* WHAT NEEDS TO BE DONE
Find the line with "#244=CARTESIAN_POINT('',(-10.,7.5,2.));" in the entries below. Repeat it, every following line, and the line with "#270=AXIS2_PLACEMENT_3D('',#267,#268,#269);", exactly and with nothing added.

SUPPLIED MATERIAL: Begin

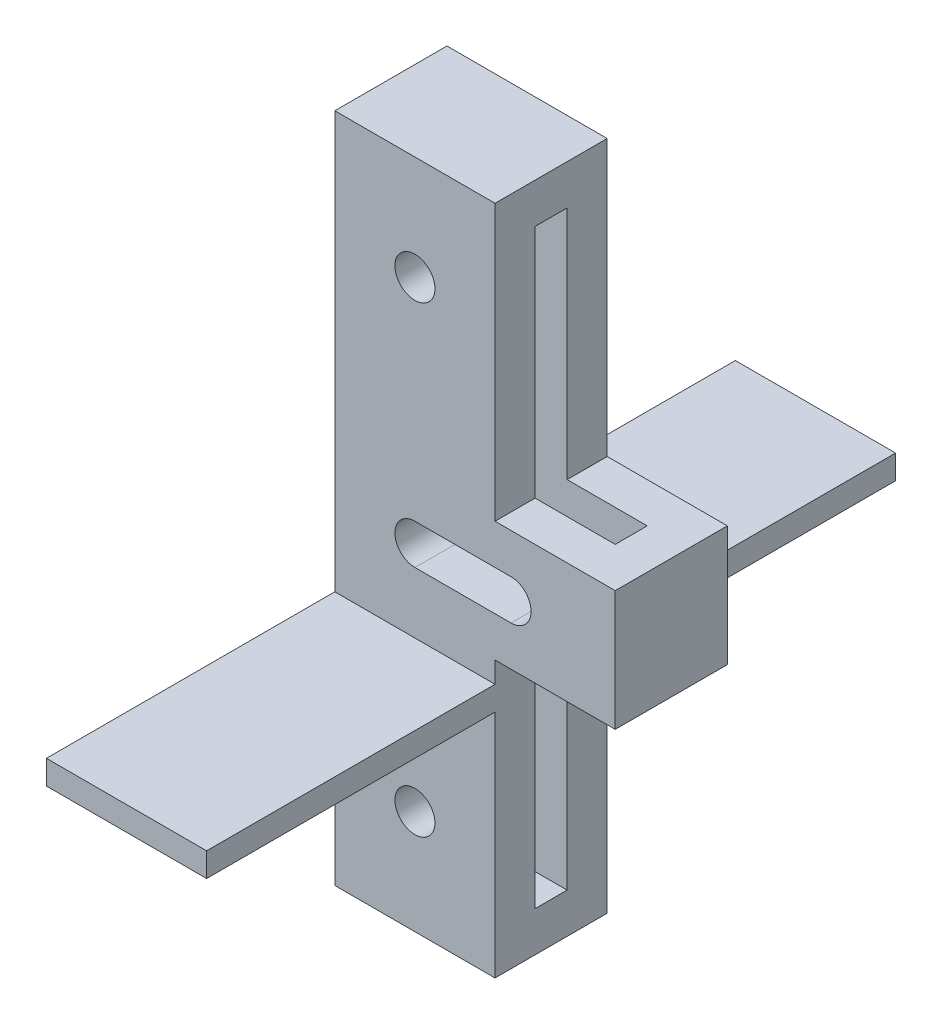
ISO-10303-21;
HEADER;
FILE_DESCRIPTION(('STEP AP214'),'2;1');
FILE_NAME('part.step','',(''),(''),'','','');
FILE_SCHEMA(('AUTOMOTIVE_DESIGN { 1 0 10303 214 1 1 1 1 }'));
ENDSEC;
DATA;
#1=APPLICATION_CONTEXT('core data for automotive mechanical design processes');
#2=APPLICATION_PROTOCOL_DEFINITION('international standard','automotive_design',2000,#1);
#3=PRODUCT_CONTEXT('',#1,'mechanical');
#4=PRODUCT('Part','Part','',(#3));
#5=PRODUCT_RELATED_PRODUCT_CATEGORY('part','',(#4));
#6=PRODUCT_DEFINITION_FORMATION('','',#4);
#7=PRODUCT_DEFINITION_CONTEXT('part definition',#1,'design');
#8=PRODUCT_DEFINITION('design','',#6,#7);
#9=PRODUCT_DEFINITION_SHAPE('','',#8);
#10=(LENGTH_UNIT() NAMED_UNIT(*) SI_UNIT(.MILLI.,.METRE.));
#11=(NAMED_UNIT(*) PLANE_ANGLE_UNIT() SI_UNIT($,.RADIAN.));
#12=(NAMED_UNIT(*) SI_UNIT($,.STERADIAN.) SOLID_ANGLE_UNIT());
#13=UNCERTAINTY_MEASURE_WITH_UNIT(LENGTH_MEASURE(1.E-05),#10,'distance_accuracy_value','');
#14=(GEOMETRIC_REPRESENTATION_CONTEXT(3) GLOBAL_UNCERTAINTY_ASSIGNED_CONTEXT((#13)) GLOBAL_UNIT_ASSIGNED_CONTEXT((#10,
#11,#12)) REPRESENTATION_CONTEXT('',''));
#15=CARTESIAN_POINT('',(0.,0.,0.));
#16=DIRECTION('',(0.,0.,1.));
#17=DIRECTION('',(1.,0.,0.));
#18=AXIS2_PLACEMENT_3D('',#15,#16,#17);
#19=CARTESIAN_POINT('',(-10.,0.,6.99999999999999));
#20=DIRECTION('',(0.,0.,-1.));
#21=DIRECTION('',(-1.,0.,0.));
#22=AXIS2_PLACEMENT_3D('',#19,#20,#21);
#23=PLANE('',#22);
#24=CARTESIAN_POINT('',(0.,-28.875,6.99999999999999));
#25=DIRECTION('',(0.,0.,-1.));
#26=DIRECTION('',(-1.,0.,0.));
#27=AXIS2_PLACEMENT_3D('',#24,#25,#26);
#28=CIRCLE('',#27,2.5);
#29=CARTESIAN_POINT('',(-2.5,-28.875,6.99999999999999));
#30=VERTEX_POINT('',#29);
#31=EDGE_CURVE('E328',#30,#30,#28,.T.);
#32=ORIENTED_EDGE('',*,*,#31,.T.);
#33=EDGE_LOOP('',(#32));
#34=FACE_BOUND('',#33,.T.);
#35=DIRECTION('',(1.,0.,0.));
#36=VECTOR('',#35,1.);
#37=CARTESIAN_POINT('',(-10.,-13.125,6.99999999999999));
#38=LINE('',#37,#36);
#39=CARTESIAN_POINT('',(-10.,-13.125,6.99999999999999));
#40=VERTEX_POINT('',#39);
#41=CARTESIAN_POINT('',(10.,-13.125,6.99999999999999));
#42=VERTEX_POINT('',#41);
#43=EDGE_CURVE('E314',#40,#42,#38,.T.);
#44=ORIENTED_EDGE('',*,*,#43,.F.);
#45=DIRECTION('',(0.,1.,0.));
#46=VECTOR('',#45,1.);
#47=CARTESIAN_POINT('',(-10.,0.,6.99999999999999));
#48=LINE('',#47,#46);
#49=CARTESIAN_POINT('',(-10.,-41.875,6.99999999999999));
#50=VERTEX_POINT('',#49);
#51=EDGE_CURVE('E678',#50,#40,#48,.T.);
#52=ORIENTED_EDGE('',*,*,#51,.F.);
#53=DIRECTION('',(1.,0.,0.));
#54=VECTOR('',#53,1.);
#55=CARTESIAN_POINT('',(-10.,-41.875,6.99999999999999));
#56=LINE('',#55,#54);
#57=CARTESIAN_POINT('',(10.,-41.875,6.99999999999999));
#58=VERTEX_POINT('',#57);
#59=EDGE_CURVE('E706',#50,#58,#56,.T.);
#60=ORIENTED_EDGE('',*,*,#59,.T.);
#61=DIRECTION('',(0.,1.,0.));
#62=VECTOR('',#61,1.);
#63=CARTESIAN_POINT('',(10.,0.,6.99999999999999));
#64=LINE('',#63,#62);
#65=EDGE_CURVE('E662',#58,#42,#64,.T.);
#66=ORIENTED_EDGE('',*,*,#65,.T.);
#67=EDGE_LOOP('',(#44,#52,#60,#66));
#68=FACE_BOUND('',#67,.T.);
#69=ADVANCED_FACE('F39',(#34,#68),#23,.F.);
#70=CARTESIAN_POINT('',(-10.,0.,-7.));
#71=DIRECTION('',(0.,0.,-1.));
#72=DIRECTION('',(0.,1.,0.));
#73=AXIS2_PLACEMENT_3D('',#70,#71,#72);
#74=PLANE('',#73);
#75=CARTESIAN_POINT('',(0.,-28.875,-7.00000000000001));
#76=DIRECTION('',(0.,0.,-1.));
#77=DIRECTION('',(0.,1.,0.));
#78=AXIS2_PLACEMENT_3D('',#75,#76,#77);
#79=CIRCLE('',#78,2.5);
#80=CARTESIAN_POINT('',(0.,-26.375,-7.00000000000001));
#81=VERTEX_POINT('',#80);
#82=EDGE_CURVE('E335',#81,#81,#79,.T.);
#83=ORIENTED_EDGE('',*,*,#82,.F.);
#84=EDGE_LOOP('',(#83));
#85=FACE_BOUND('',#84,.T.);
#86=DIRECTION('',(0.,1.,0.));
#87=VECTOR('',#86,1.);
#88=CARTESIAN_POINT('',(-10.,0.,-7.));
#89=LINE('',#88,#87);
#90=CARTESIAN_POINT('',(-10.,-41.875,-7.00000000000001));
#91=VERTEX_POINT('',#90);
#92=CARTESIAN_POINT('',(-10.,-13.125,-7.));
#93=VERTEX_POINT('',#92);
#94=EDGE_CURVE('E571',#91,#93,#89,.T.);
#95=ORIENTED_EDGE('',*,*,#94,.T.);
#96=DIRECTION('',(1.,0.,0.));
#97=VECTOR('',#96,1.);
#98=CARTESIAN_POINT('',(-10.,-13.125,-7.));
#99=LINE('',#98,#97);
#100=CARTESIAN_POINT('',(10.,-13.125,-7.));
#101=VERTEX_POINT('',#100);
#102=EDGE_CURVE('E575',#93,#101,#99,.T.);
#103=ORIENTED_EDGE('',*,*,#102,.T.);
#104=DIRECTION('',(0.,1.,0.));
#105=VECTOR('',#104,1.);
#106=CARTESIAN_POINT('',(10.,0.,-7.));
#107=LINE('',#106,#105);
#108=CARTESIAN_POINT('',(10.,-41.875,-7.00000000000001));
#109=VERTEX_POINT('',#108);
#110=EDGE_CURVE('E692',#109,#101,#107,.T.);
#111=ORIENTED_EDGE('',*,*,#110,.F.);
#112=DIRECTION('',(1.,0.,0.));
#113=VECTOR('',#112,1.);
#114=CARTESIAN_POINT('',(-10.,-41.875,-7.00000000000001));
#115=LINE('',#114,#113);
#116=EDGE_CURVE('E577',#91,#109,#115,.T.);
#117=ORIENTED_EDGE('',*,*,#116,.F.);
#118=EDGE_LOOP('',(#95,#103,#111,#117));
#119=FACE_BOUND('',#118,.T.);
#120=ADVANCED_FACE('F391',(#85,#119),#74,.T.);
#121=CARTESIAN_POINT('',(-10.,0.,1.99999999999999));
#122=DIRECTION('',(0.,0.,1.));
#123=DIRECTION('',(0.,-1.,0.));
#124=AXIS2_PLACEMENT_3D('',#121,#122,#123);
#125=PLANE('',#124);
#126=CARTESIAN_POINT('',(0.,-28.875,1.99999999999998));
#127=DIRECTION('',(0.,0.,1.));
#128=DIRECTION('',(0.,-1.,0.));
#129=AXIS2_PLACEMENT_3D('',#126,#127,#128);
#130=CIRCLE('',#129,2.5);
#131=CARTESIAN_POINT('',(0.,-31.375,1.99999999999998));
#132=VERTEX_POINT('',#131);
#133=EDGE_CURVE('E340',#132,#132,#130,.T.);
#134=ORIENTED_EDGE('',*,*,#133,.T.);
#135=EDGE_LOOP('',(#134));
#136=FACE_BOUND('',#135,.T.);
#137=CARTESIAN_POINT('',(0.,28.875,1.99999999999999));
#138=DIRECTION('',(0.,0.,1.));
#139=DIRECTION('',(0.,-1.,0.));
#140=AXIS2_PLACEMENT_3D('',#137,#138,#139);
#141=CIRCLE('',#140,2.5);
#142=CARTESIAN_POINT('',(0.,26.375,1.99999999999999));
#143=VERTEX_POINT('',#142);
#144=EDGE_CURVE('E346',#143,#143,#141,.T.);
#145=ORIENTED_EDGE('',*,*,#144,.T.);
#146=EDGE_LOOP('',(#145));
#147=FACE_BOUND('',#146,.T.);
#148=DIRECTION('',(-1.,0.,0.));
#149=VECTOR('',#148,1.);
#150=CARTESIAN_POINT('',(-10.,2.5,1.99999999999999));
#151=LINE('',#150,#149);
#152=CARTESIAN_POINT('',(12.,2.5,1.99999999999999));
#153=VERTEX_POINT('',#152);
#154=CARTESIAN_POINT('',(0.,2.5,1.99999999999999));
#155=VERTEX_POINT('',#154);
#156=EDGE_CURVE('E285',#153,#155,#151,.T.);
#157=ORIENTED_EDGE('',*,*,#156,.T.);
#158=CARTESIAN_POINT('',(0.,0.,1.99999999999999));
#159=DIRECTION('',(0.,0.,1.));
#160=DIRECTION('',(0.,-1.,0.));
#161=AXIS2_PLACEMENT_3D('',#158,#159,#160);
#162=CIRCLE('',#161,2.5);
#163=CARTESIAN_POINT('',(0.,-2.5,1.99999999999999));
#164=VERTEX_POINT('',#163);
#165=EDGE_CURVE('E293',#155,#164,#162,.T.);
#166=ORIENTED_EDGE('',*,*,#165,.T.);
#167=DIRECTION('',(1.,0.,0.));
#168=VECTOR('',#167,1.);
#169=CARTESIAN_POINT('',(-10.,-2.5,1.99999999999999));
#170=LINE('',#169,#168);
#171=CARTESIAN_POINT('',(12.,-2.5,1.99999999999999));
#172=VERTEX_POINT('',#171);
#173=EDGE_CURVE('E255',#164,#172,#170,.T.);
#174=ORIENTED_EDGE('',*,*,#173,.T.);
#175=CARTESIAN_POINT('',(12.,0.,1.99999999999999));
#176=DIRECTION('',(0.,0.,1.));
#177=DIRECTION('',(0.,-1.,0.));
#178=AXIS2_PLACEMENT_3D('',#175,#176,#177);
#179=CIRCLE('',#178,2.5);
#180=EDGE_CURVE('E272',#172,#153,#179,.T.);
#181=ORIENTED_EDGE('',*,*,#180,.T.);
#182=EDGE_LOOP('',(#157,#166,#174,#181));
#183=FACE_BOUND('',#182,.T.);
#184=DIRECTION('',(0.,-1.,0.));
#185=VECTOR('',#184,1.);
#186=CARTESIAN_POINT('',(20.,0.,1.99999999999999));
#187=LINE('',#186,#185);
#188=CARTESIAN_POINT('',(20.,7.5,2.));
#189=VERTEX_POINT('',#188);
#190=CARTESIAN_POINT('',(20.,-7.5,1.99999999999999));
#191=VERTEX_POINT('',#190);
#192=EDGE_CURVE('E705',#189,#191,#187,.T.);
#193=ORIENTED_EDGE('',*,*,#192,.T.);
#194=DIRECTION('',(1.,0.,0.));
#195=VECTOR('',#194,1.);
#196=CARTESIAN_POINT('',(-10.,-7.5,1.99999999999999));
#197=LINE('',#196,#195);
#198=CARTESIAN_POINT('',(10.,-7.5,1.99999999999999));
#199=VERTEX_POINT('',#198);
#200=EDGE_CURVE('E748',#199,#191,#197,.T.);
#201=ORIENTED_EDGE('',*,*,#200,.F.);
#202=DIRECTION('',(0.,-1.,0.));
#203=VECTOR('',#202,1.);
#204=CARTESIAN_POINT('',(10.,0.,1.99999999999999));
#205=LINE('',#204,#203);
#206=CARTESIAN_POINT('',(10.,-36.875,1.99999999999999));
#207=VERTEX_POINT('',#206);
#208=EDGE_CURVE('E664',#199,#207,#205,.T.);
#209=ORIENTED_EDGE('',*,*,#208,.T.);
#210=DIRECTION('',(1.,0.,0.));
#211=VECTOR('',#210,1.);
#212=CARTESIAN_POINT('',(-10.,-36.875,1.99999999999999));
#213=LINE('',#212,#211);
#214=CARTESIAN_POINT('',(-10.,-36.875,1.99999999999999));
#215=VERTEX_POINT('',#214);
#216=EDGE_CURVE('E708',#215,#207,#213,.T.);
#217=ORIENTED_EDGE('',*,*,#216,.F.);
#218=DIRECTION('',(0.,-1.,0.));
#219=VECTOR('',#218,1.);
#220=CARTESIAN_POINT('',(-10.,0.,1.99999999999999));
#221=LINE('',#220,#219);
#222=CARTESIAN_POINT('',(-10.,36.875,1.99999999999999));
#223=VERTEX_POINT('',#222);
#224=EDGE_CURVE('E682',#223,#215,#221,.T.);
#225=ORIENTED_EDGE('',*,*,#224,.F.);
#226=DIRECTION('',(1.,0.,0.));
#227=VECTOR('',#226,1.);
#228=CARTESIAN_POINT('',(-10.,36.875,1.99999999999999));
#229=LINE('',#228,#227);
#230=CARTESIAN_POINT('',(10.,36.875,1.99999999999999));
#231=VERTEX_POINT('',#230);
#232=EDGE_CURVE('E323',#223,#231,#229,.T.);
#233=ORIENTED_EDGE('',*,*,#232,.T.);
#234=DIRECTION('',(0.,-1.,0.));
#235=VECTOR('',#234,1.);
#236=CARTESIAN_POINT('',(10.,0.,1.99999999999999));
#237=LINE('',#236,#235);
#238=CARTESIAN_POINT('',(10.,7.5,2.));
#239=VERTEX_POINT('',#238);
#240=EDGE_CURVE('E771',#231,#239,#237,.T.);
#241=ORIENTED_EDGE('',*,*,#240,.T.);
#242=DIRECTION('',(1.,0.,0.));
#243=VECTOR('',#242,1.);
#244=CARTESIAN_POINT('',(-10.,7.5,2.));
#245=LINE('',#244,#243);
#246=EDGE_CURVE('E746',#239,#189,#245,.T.);
#247=ORIENTED_EDGE('',*,*,#246,.T.);
#248=EDGE_LOOP('',(#193,#201,#209,#217,#225,#233,#241,#247));
#249=FACE_BOUND('',#248,.T.);
#250=ADVANCED_FACE('F361',(#136,#147,#183,#249),#125,.F.);
#251=CARTESIAN_POINT('',(-10.,0.,-2.00000000000001));
#252=DIRECTION('',(0.,0.,1.));
#253=DIRECTION('',(0.,-1.,0.));
#254=AXIS2_PLACEMENT_3D('',#251,#252,#253);
#255=PLANE('',#254);
#256=CARTESIAN_POINT('',(0.,-28.875,-2.00000000000001));
#257=DIRECTION('',(0.,0.,1.));
#258=DIRECTION('',(0.,-1.,0.));
#259=AXIS2_PLACEMENT_3D('',#256,#257,#258);
#260=CIRCLE('',#259,2.5);
#261=CARTESIAN_POINT('',(0.,-31.375,-2.00000000000001));
#262=VERTEX_POINT('',#261);
#263=EDGE_CURVE('E43',#262,#262,#260,.T.);
#264=ORIENTED_EDGE('',*,*,#263,.F.);
#265=EDGE_LOOP('',(#264));
#266=FACE_BOUND('',#265,.T.);
#267=CARTESIAN_POINT('',(0.,28.875,-2.00000000000001));
#268=DIRECTION('',(0.,0.,1.));
#269=DIRECTION('',(0.,-1.,0.));
#270=AXIS2_PLACEMENT_3D('',#267,#268,#269);
#271=CIRCLE('',#270,2.5);
#272=CARTESIAN_POINT('',(0.,26.375,-2.00000000000001));
#273=VERTEX_POINT('',#272);
#274=EDGE_CURVE('E332',#273,#273,#271,.T.);
#275=ORIENTED_EDGE('',*,*,#274,.F.);
#276=EDGE_LOOP('',(#275));
#277=FACE_BOUND('',#276,.T.);
#278=CARTESIAN_POINT('',(0.,0.,-2.00000000000001));
#279=DIRECTION('',(0.,0.,1.));
#280=DIRECTION('',(0.,-1.,0.));
#281=AXIS2_PLACEMENT_3D('',#278,#279,#280);
#282=CIRCLE('',#281,2.5);
#283=CARTESIAN_POINT('',(0.,2.5,-2.00000000000001));
#284=VERTEX_POINT('',#283);
#285=CARTESIAN_POINT('',(0.,-2.5,-2.00000000000001));
#286=VERTEX_POINT('',#285);
#287=EDGE_CURVE('E291',#284,#286,#282,.T.);
#288=ORIENTED_EDGE('',*,*,#287,.F.);
#289=DIRECTION('',(-1.,0.,0.));
#290=VECTOR('',#289,1.);
#291=CARTESIAN_POINT('',(-10.,2.5,-2.00000000000001));
#292=LINE('',#291,#290);
#293=CARTESIAN_POINT('',(12.,2.5,-2.00000000000001));
#294=VERTEX_POINT('',#293);
#295=EDGE_CURVE('E271',#294,#284,#292,.T.);
#296=ORIENTED_EDGE('',*,*,#295,.F.);
#297=CARTESIAN_POINT('',(12.,0.,-2.00000000000001));
#298=DIRECTION('',(0.,0.,1.));
#299=DIRECTION('',(0.,-1.,0.));
#300=AXIS2_PLACEMENT_3D('',#297,#298,#299);
#301=CIRCLE('',#300,2.5);
#302=CARTESIAN_POINT('',(12.,-2.5,-2.00000000000001));
#303=VERTEX_POINT('',#302);
#304=EDGE_CURVE('E261',#303,#294,#301,.T.);
#305=ORIENTED_EDGE('',*,*,#304,.F.);
#306=DIRECTION('',(1.,0.,0.));
#307=VECTOR('',#306,1.);
#308=CARTESIAN_POINT('',(-10.,-2.5,-2.00000000000001));
#309=LINE('',#308,#307);
#310=EDGE_CURVE('E247',#286,#303,#309,.T.);
#311=ORIENTED_EDGE('',*,*,#310,.F.);
#312=EDGE_LOOP('',(#288,#296,#305,#311));
#313=FACE_BOUND('',#312,.T.);
#314=DIRECTION('',(0.,-1.,0.));
#315=VECTOR('',#314,1.);
#316=CARTESIAN_POINT('',(-10.,0.,-2.00000000000001));
#317=LINE('',#316,#315);
#318=CARTESIAN_POINT('',(-10.,36.875,-2.00000000000001));
#319=VERTEX_POINT('',#318);
#320=CARTESIAN_POINT('',(-10.,-36.875,-2.00000000000001));
#321=VERTEX_POINT('',#320);
#322=EDGE_CURVE('E777',#319,#321,#317,.T.);
#323=ORIENTED_EDGE('',*,*,#322,.T.);
#324=DIRECTION('',(1.,0.,0.));
#325=VECTOR('',#324,1.);
#326=CARTESIAN_POINT('',(-10.,-36.875,-2.00000000000001));
#327=LINE('',#326,#325);
#328=CARTESIAN_POINT('',(10.,-36.875,-2.00000000000001));
#329=VERTEX_POINT('',#328);
#330=EDGE_CURVE('E703',#321,#329,#327,.T.);
#331=ORIENTED_EDGE('',*,*,#330,.T.);
#332=DIRECTION('',(0.,-1.,0.));
#333=VECTOR('',#332,1.);
#334=CARTESIAN_POINT('',(10.,0.,-2.00000000000001));
#335=LINE('',#334,#333);
#336=CARTESIAN_POINT('',(10.,-7.5,-2.00000000000001));
#337=VERTEX_POINT('',#336);
#338=EDGE_CURVE('E815',#337,#329,#335,.T.);
#339=ORIENTED_EDGE('',*,*,#338,.F.);
#340=DIRECTION('',(1.,0.,0.));
#341=VECTOR('',#340,1.);
#342=CARTESIAN_POINT('',(-10.,-7.5,-2.00000000000001));
#343=LINE('',#342,#341);
#344=CARTESIAN_POINT('',(20.,-7.5,-2.00000000000001));
#345=VERTEX_POINT('',#344);
#346=EDGE_CURVE('E724',#337,#345,#343,.T.);
#347=ORIENTED_EDGE('',*,*,#346,.T.);
#348=DIRECTION('',(0.,-1.,0.));
#349=VECTOR('',#348,1.);
#350=CARTESIAN_POINT('',(20.,0.,-2.00000000000001));
#351=LINE('',#350,#349);
#352=CARTESIAN_POINT('',(20.,7.5,-2.));
#353=VERTEX_POINT('',#352);
#354=EDGE_CURVE('E716',#353,#345,#351,.T.);
#355=ORIENTED_EDGE('',*,*,#354,.F.);
#356=DIRECTION('',(1.,0.,0.));
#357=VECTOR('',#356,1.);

SUPPLIED MATERIAL: End

* ANSWER AREA
#244=CARTESIAN_POINT('',(-10.,7.5,2.));
#245=LINE('',#244,#243);
#246=EDGE_CURVE('E746',#239,#189,#245,.T.);
#247=ORIENTED_EDGE('',*,*,#246,.T.);
#248=EDGE_LOOP('',(#193,#201,#209,#217,#225,#233,#241,#247));
#249=FACE_BOUND('',#248,.T.);
#250=ADVANCED_FACE('F361',(#136,#147,#183,#249),#125,.F.);
#251=CARTESIAN_POINT('',(-10.,0.,-2.00000000000001));
#252=DIRECTION('',(0.,0.,1.));
#253=DIRECTION('',(0.,-1.,0.));
#254=AXIS2_PLACEMENT_3D('',#251,#252,#253);
#255=PLANE('',#254);
#256=CARTESIAN_POINT('',(0.,-28.875,-2.00000000000001));
#257=DIRECTION('',(0.,0.,1.));
#258=DIRECTION('',(0.,-1.,0.));
#259=AXIS2_PLACEMENT_3D('',#256,#257,#258);
#260=CIRCLE('',#259,2.5);
#261=CARTESIAN_POINT('',(0.,-31.375,-2.00000000000001));
#262=VERTEX_POINT('',#261);
#263=EDGE_CURVE('E43',#262,#262,#260,.T.);
#264=ORIENTED_EDGE('',*,*,#263,.F.);
#265=EDGE_LOOP('',(#264));
#266=FACE_BOUND('',#265,.T.);
#267=CARTESIAN_POINT('',(0.,28.875,-2.00000000000001));
#268=DIRECTION('',(0.,0.,1.));
#269=DIRECTION('',(0.,-1.,0.));
#270=AXIS2_PLACEMENT_3D('',#267,#268,#269);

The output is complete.